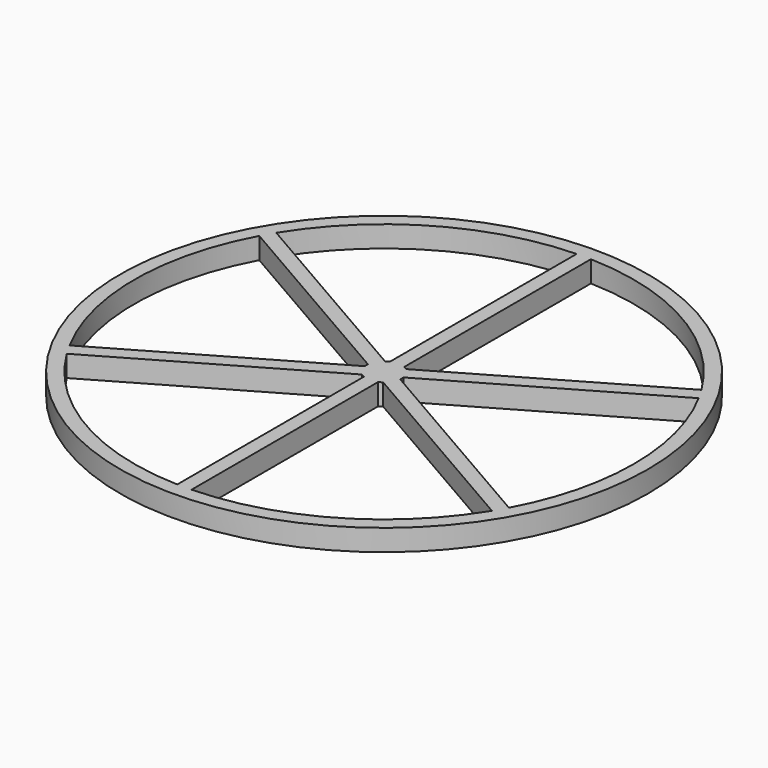
from build123d import *

# Parameters (mm, degrees)
F0_R            = 37
F1_DEPTH        = 3
F2_DEPTH        = 3
F2_COPIES_COUNT = 6


# Not quite as in the source:
# - a pattern or mirror of a feature is missing from the dataset's text; its kind, count and spacing are read off the source's solid


with BuildPart() as f1:
    # F0 (on Top) → F1 (new body)
    with BuildSketch(Plane.XY):
        Circle(F0_R)
        with BuildLine():
            Line((1, 35.6262177595), (1, 34.9857113691))
            ThreePointArc((1, 34.9857113691), (25.099800796, 24.3926218353), (35, 0))
            ThreePointArc((35, 0), (-24.3926218353, -25.099800796), (-1, 34.9857113691))
            Line((-1, 34.9857113691), (-1, 35.6262177595))
            Line((-1, 35.6262177595), (1, 35.6262177595))
        make_face(mode=Mode.SUBTRACT)
        with BuildLine():
            ThreePointArc((-1, 34.9857113691), (0, 35), (1, 34.9857113691))
            Line((1, 34.9857113691), (1, 35.6262177595))
            Line((1, 35.6262177595), (-1, 35.6262177595))
            Line((-1, 35.6262177595), (-1, 34.9857113691))
        make_face()
    extrude(amount=F1_DEPTH)



with BuildPart() as f1b:
    # F0 (on Top) → F1, piece 2 (new body)
    with BuildSketch(Plane.XY):
        with BuildLine():
            ThreePointArc((-1, 2.2912878475), (-1.3693063938, -2.0916500663), (2.5, 0))
            ThreePointArc((2.5, 0), (2.0916500663, 1.3693063938), (1, 2.2912878475))
            Line((1, 2.2912878475), (1, 0.5877822405))
            Line((1, 0.5877822405), (-1, 0.5877822405))
            Line((-1, 0.5877822405), (-1, 2.2912878475))
        make_face()
        with BuildLine():
            Line((1, 0.5877822405), (1, 2.2912878475))
            ThreePointArc((1, 2.2912878475), (0, 2.5), (-1, 2.2912878475))
            Line((-1, 2.2912878475), (-1, 0.5877822405))
            Line((-1, 0.5877822405), (1, 0.5877822405))
        make_face()
    extrude(amount=F1_DEPTH)


with BuildPart() as f1_1:
    add(f1.part)

    add(f1b.part)  # F2 merges F1b
    # F0 (on Top) → F2 (join)
    with BuildSketch(Plane.XY):
        with BuildLine():
            Line((1, 0.5877822405), (1, 2.2912878475))
            ThreePointArc((1, 2.2912878475), (0, 2.5), (-1, 2.2912878475))
            Line((-1, 2.2912878475), (-1, 0.5877822405))
            Line((-1, 0.5877822405), (1, 0.5877822405))
        make_face()
        with BuildLine():
            ThreePointArc((-1, 2.2912878475), (0, 2.5), (1, 2.2912878475))
            Line((1, 2.2912878475), (1, 34.9857113691))
            ThreePointArc((1, 34.9857113691), (0, 35), (-1, 34.9857113691))
            Line((-1, 34.9857113691), (-1, 2.2912878475))
        make_face()
        with BuildLine():
            ThreePointArc((-1, 34.9857113691), (0, 35), (1, 34.9857113691))
            Line((1, 34.9857113691), (1, 35.6262177595))
            Line((1, 35.6262177595), (-1, 35.6262177595))
            Line((-1, 35.6262177595), (-1, 34.9857113691))
        make_face()
    f2 = extrude(amount=F2_DEPTH)

    # F2_copies: F2 ×6 about axis
    f2_copies_axis = Axis((0, 0, 0), (0, 0, 1))
    for i in range(1, F2_COPIES_COUNT):
        add(f2.rotate(f2_copies_axis, i * 360 / F2_COPIES_COUNT))


solid = f1_1.part
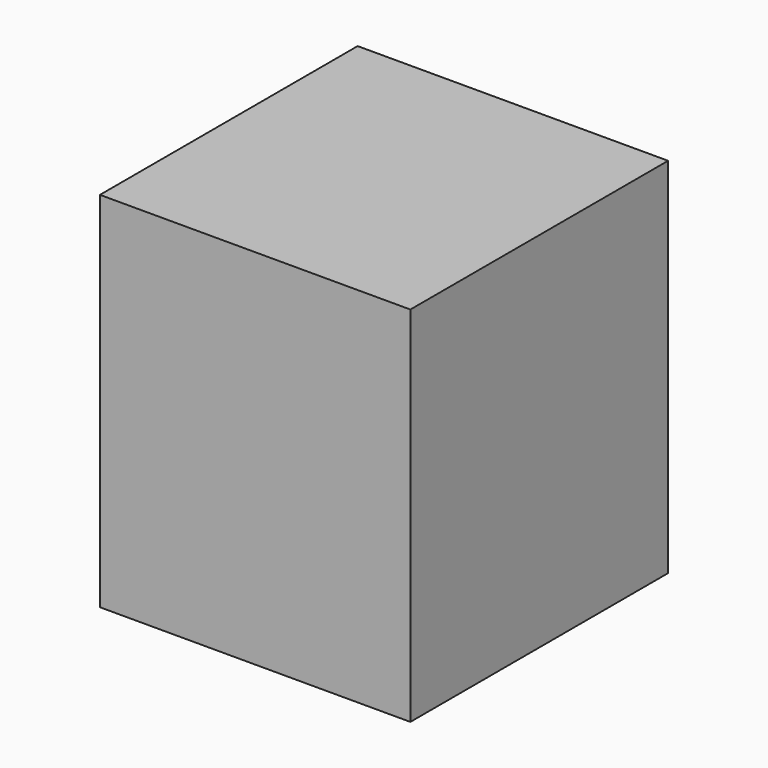
from build123d import *

# Parameters (mm, degrees)
F0_W     = 42.7532605827
F0_H     = 44.3652868271
F1_DEPTH = 50


# Not quite as in the source:
# - the program builds the solid bodies; features that only make, move or delete a surface that nothing else refers to are left out


with BuildPart() as f1:
    # F0 (on Top) → F1 (new body)
    with BuildSketch(Plane.XY):
        with Locations((-5.9790555388, -6.3011422753)):
            Rectangle(F0_W, F0_H)
    extrude(amount=F1_DEPTH)


solid = f1.part

→ **Activity**
The copy must match every line of the data exactly and contain no pictures.

→ **Solution to the problem**
from build123d import *

# Parameters (mm, degrees)
F0_R            = 37
F1_DEPTH        = 3
F2_DEPTH        = 3
F2_COPIES_COUNT = 6


# Not quite as in the source:
# - a pattern or mirror of a feature is missing from the dataset's text; its kind, count and spacing are read off the source's solid


with BuildPart() as f1:
    # F0 (on Top) → F1 (new body)
    with BuildSketch(Plane.XY):
        Circle(F0_R)
        with BuildLine():
            Line((1, 35.6262177595), (1, 34.9857113691))
            ThreePointArc((1, 34.9857113691), (25.099800796, 24.3926218353), (35, 0))
            ThreePointArc((35, 0), (-24.3926218353, -25.099800796), (-1, 34.9857113691))
            Line((-1, 34.9857113691), (-1, 35.6262177595))
            Line((-1, 35.6262177595), (1, 35.6262177595))
        make_face(mode=Mode.SUBTRACT)
        with BuildLine():
            ThreePointArc((-1, 34.9857113691), (0, 35), (1, 34.9857113691))
            Line((1, 34.9857113691), (1, 35.6262177595))
            Line((1, 35.6262177595), (-1, 35.6262177595))
            Line((-1, 35.6262177595), (-1, 34.9857113691))
        make_face()
    extrude(amount=F1_DEPTH)



with BuildPart() as f1b:
    # F0 (on Top) → F1, piece 2 (new body)
    with BuildSketch(Plane.XY):
        with BuildLine():
            ThreePointArc((-1, 2.2912878475), (-1.3693063938, -2.0916500663), (2.5, 0))
            ThreePointArc((2.5, 0), (2.0916500663, 1.3693063938), (1, 2.2912878475))
            Line((1, 2.2912878475), (1, 0.5877822405))
            Line((1, 0.5877822405), (-1, 0.5877822405))
            Line((-1, 0.5877822405), (-1, 2.2912878475))
        make_face()
        with BuildLine():
            Line((1, 0.5877822405), (1, 2.2912878475))
            ThreePointArc((1, 2.2912878475), (0, 2.5), (-1, 2.2912878475))
            Line((-1, 2.2912878475), (-1, 0.5877822405))
            Line((-1, 0.5877822405), (1, 0.5877822405))
        make_face()
    extrude(amount=F1_DEPTH)


with BuildPart() as f1_1:
    add(f1.part)

    add(f1b.part)  # F2 merges F1b
    # F0 (on Top) → F2 (join)
    with BuildSketch(Plane.XY):
        with BuildLine():
            Line((1, 0.5877822405), (1, 2.2912878475))
            ThreePointArc((1, 2.2912878475), (0, 2.5), (-1, 2.2912878475))
            Line((-1, 2.2912878475), (-1, 0.5877822405))
            Line((-1, 0.5877822405), (1, 0.5877822405))
        make_face()
        with BuildLine():
            ThreePointArc((-1, 2.2912878475), (0, 2.5), (1, 2.2912878475))
            Line((1, 2.2912878475), (1, 34.9857113691))
            ThreePointArc((1, 34.9857113691), (0, 35), (-1, 34.9857113691))
            Line((-1, 34.9857113691), (-1, 2.2912878475))
        make_face()
        with BuildLine():
            ThreePointArc((-1, 34.9857113691), (0, 35), (1, 34.9857113691))
            Line((1, 34.9857113691), (1, 35.6262177595))
            Line((1, 35.6262177595), (-1, 35.6262177595))
            Line((-1, 35.6262177595), (-1, 34.9857113691))
        make_face()
    f2 = extrude(amount=F2_DEPTH)

    # F2_copies: F2 ×6 about axis
    f2_copies_axis = Axis((0, 0, 0), (0, 0, 1))
    for i in range(1, F2_COPIES_COUNT):
        add(f2.rotate(f2_copies_axis, i * 360 / F2_COPIES_COUNT))


solid = f1_1.part
from build123d import *

# Parameters (mm, degrees)
F0_W     = 42.7532605827
F0_H     = 44.3652868271
F1_DEPTH = 50


# Not quite as in the source:
# - the program builds the solid bodies; features that only make, move or delete a surface that nothing else refers to are left out


with BuildPart() as f1:
    # F0 (on Top) → F1 (new body)
    with BuildSketch(Plane.XY):
        with Locations((-5.9790555388, -6.3011422753)):
            Rectangle(F0_W, F0_H)
    extrude(amount=F1_DEPTH)


solid = f1.part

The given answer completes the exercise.